Download and install DBeaver on your local machine, a free and open source powerful tool to connect to any database, explore the schema and even run SQL queries.

Kitt

⚠️ If you have received an email from Le Wagon inviting you to sign up on Kitt (our learning platform), you can safely skip this step. Instead, please follow the instructions in the email you received if you haven't done so already.

If you are unsure about what to do, you can follow this link. If you are already logged in, you can safely skip this section.
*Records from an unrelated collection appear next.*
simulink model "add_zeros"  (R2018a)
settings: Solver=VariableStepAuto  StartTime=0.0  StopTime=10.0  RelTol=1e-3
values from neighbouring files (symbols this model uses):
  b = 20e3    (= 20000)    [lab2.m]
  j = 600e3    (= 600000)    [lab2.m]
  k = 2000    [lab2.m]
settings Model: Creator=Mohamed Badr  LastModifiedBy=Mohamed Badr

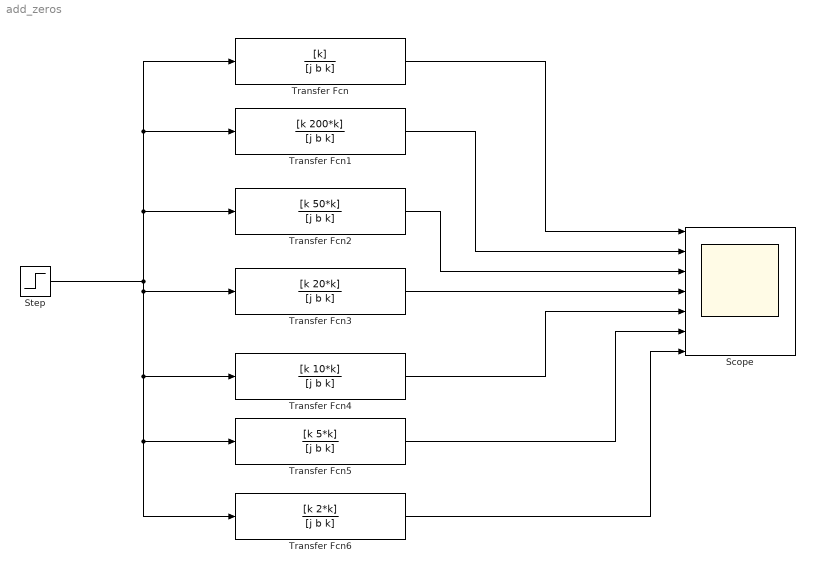
== system add_zeros ==
  Scope : Scope  NumInputPorts=7
  Step : Step  SampleTime=0
  Transfer Fcn : TransferFcn  Numerator=[k]  Denominator=[j b k]
  Transfer Fcn1 : TransferFcn  Numerator=[k 200*k]  Denominator=[j b k]
  Transfer Fcn2 : TransferFcn  Numerator=[k 50*k]  Denominator=[j b k]
  Transfer Fcn3 : TransferFcn  Numerator=[k 20*k]  Denominator=[j b k]
  Transfer Fcn4 : TransferFcn  Numerator=[k 10*k]  Denominator=[j b k]
  Transfer Fcn5 : TransferFcn  Numerator=[k 5*k]  Denominator=[j b k]
  Transfer Fcn6 : TransferFcn  Numerator=[k 2*k]  Denominator=[j b k]
  wires:
  Step/1 -> Transfer Fcn6/1, Transfer Fcn5/1, Transfer Fcn4/1, Transfer Fcn3/1, Transfer Fcn2/1, Transfer Fcn1/1, Transfer Fcn/1
  Transfer Fcn/1 -> Scope/1
  Transfer Fcn1/1 -> Scope/2
  Transfer Fcn2/1 -> Scope/3
  Transfer Fcn3/1 -> Scope/4
  Transfer Fcn4/1 -> Scope/5
  Transfer Fcn5/1 -> Scope/6
  Transfer Fcn6/1 -> Scope/7
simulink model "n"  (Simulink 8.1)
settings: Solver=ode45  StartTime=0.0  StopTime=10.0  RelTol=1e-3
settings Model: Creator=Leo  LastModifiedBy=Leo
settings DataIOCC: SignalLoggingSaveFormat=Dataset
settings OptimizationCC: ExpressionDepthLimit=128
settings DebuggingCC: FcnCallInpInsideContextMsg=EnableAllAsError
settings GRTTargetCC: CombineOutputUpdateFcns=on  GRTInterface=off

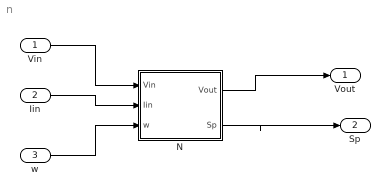
== system n ==
  Vin : Inport
  Iin : Inport  Port=2
  w : Inport  Port=3
  N : Subsystem
  Vout : Outport
  Sp : Outport  Port=2
  wires:
  Vin/1 -> N/1(Vin)
  Iin/1 -> N/2(Iin)
  w/1 -> N/3(w)
  N/1(Vout) -> Vout/1
  N/2(Sp) -> Sp/1

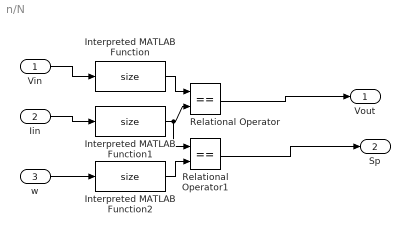
== system n/N ==
  Vin : Inport
  Iin : Inport  Port=2
  w : Inport  Port=3
  Interpreted MATLAB Function : MATLABFcn  MATLABFcn=size
  Interpreted MATLAB Function1 : MATLABFcn  MATLABFcn=size
  Interpreted MATLAB Function2 : MATLABFcn  MATLABFcn=size
  Relational Operator : RelationalOperator  Operator===  OutDataTypeStr=boolean
  Relational Operator1 : RelationalOperator  Operator===  OutDataTypeStr=boolean
  Vout : Outport
  Sp : Outport  Port=2
  wires:
  Interpreted MATLAB Function1/1 -> Relational Operator1/1, Relational Operator/2
  Iin/1 -> Interpreted MATLAB Function1/1
  Relational Operator1/1 -> Sp/1
  w/1 -> Interpreted MATLAB Function2/1
  Vin/1 -> Interpreted MATLAB Function/1
  Interpreted MATLAB Function/1 -> Relational Operator/1
  Interpreted MATLAB Function2/1 -> Relational Operator1/2
  Relational Operator/1 -> Vout/1

If you are not logged in, click on Enter Kitt as a Student. If you manage to login, you can safely skip this step. Otherwise ask a teacher whether you should have received an email or follow the instructions below.

Register as a Wagon alumni by going to kitt.lewagon.com/onboarding. Select your batch, sign in with GitHub and enter all your information.

Your teacher will then validate that you are indeed part of the batch. You can ask them to do it as soon as you completed the registration form.

Once the teacher has approved your profile, go to your email inbox. You should have 2 emails:

  • One from Slack, inviting you to the Le Wagon Alumni slack community (where you'll chat with your buddies and all the previous alumni). Click on Join and fill the information.
  • One from GitHub, inviting you to lewagon team. Accept it otherwise you won't be able to access the lecture slides.